(Source records)

::::::::::

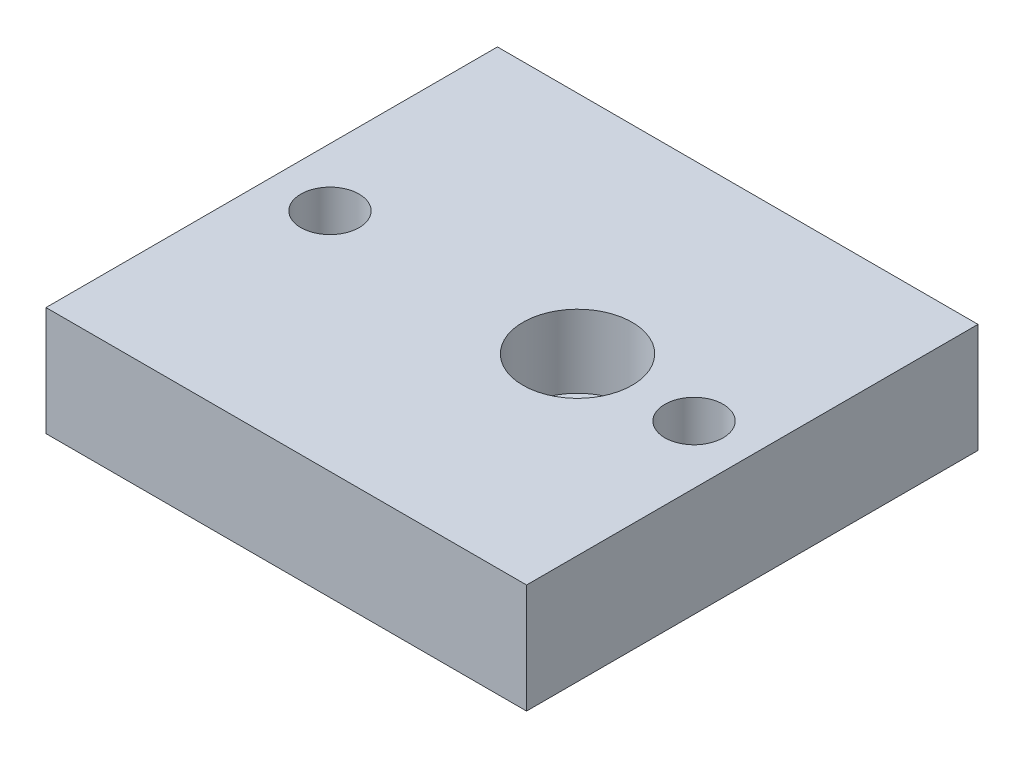
from build123d import *

# Parameters (mm, degrees)
CROQUIS1_W              = 66
CROQUIS1_H              = 62
SALIENTE_EXTRUIR1_DEPTH = 15
CROQUIS2_R              = 5
CROQUIS2_R_2            = 4
CORTAR_EXTRUIR1_DEPTH   = 15
CROQUIS3_R              = 7.5
CORTAR_EXTRUIR2_DEPTH   = 10


with BuildPart() as part:
    # Croquis1 → Saliente-Extruir1 (new body)
    with BuildSketch(Plane(origin=(0, 0, 0), x_dir=(1, 0, 0), z_dir=(0, 1, 0))):
        Rectangle(CROQUIS1_W, CROQUIS1_H)
    extrude(amount=SALIENTE_EXTRUIR1_DEPTH)

    # Croquis2 → Cortar-Extruir1 (cut)
    with BuildSketch(Plane(origin=(0, 15, 0), x_dir=(1, 0, 0), z_dir=(0, 1, 0))):
        with Locations((9, 0)):
            Circle(CROQUIS2_R)
        with Locations((-25, 0)):
            Circle(CROQUIS2_R_2)
        with Locations((25, 0)):
            Circle(CROQUIS2_R_2)
    extrude(amount=-CORTAR_EXTRUIR1_DEPTH, mode=Mode.SUBTRACT)

    # Croquis3 → Cortar-Extruir2 (cut)
    with BuildSketch(Plane(origin=(0, 15, 0), x_dir=(1, 0, 0), z_dir=(0, 1, 0))):
        with Locations((9, 0)):
            Circle(CROQUIS3_R)
    extrude(amount=-CORTAR_EXTRUIR2_DEPTH, mode=Mode.SUBTRACT)


solid = part.part

::::::::::

= Problem details =
Lines above with "extrude" in them are the ones to copy.

= Expected output =
    extrude(amount=SALIENTE_EXTRUIR1_DEPTH)
    extrude(amount=-CORTAR_EXTRUIR1_DEPTH, mode=Mode.SUBTRACT)
    extrude(amount=-CORTAR_EXTRUIR2_DEPTH, mode=Mode.SUBTRACT)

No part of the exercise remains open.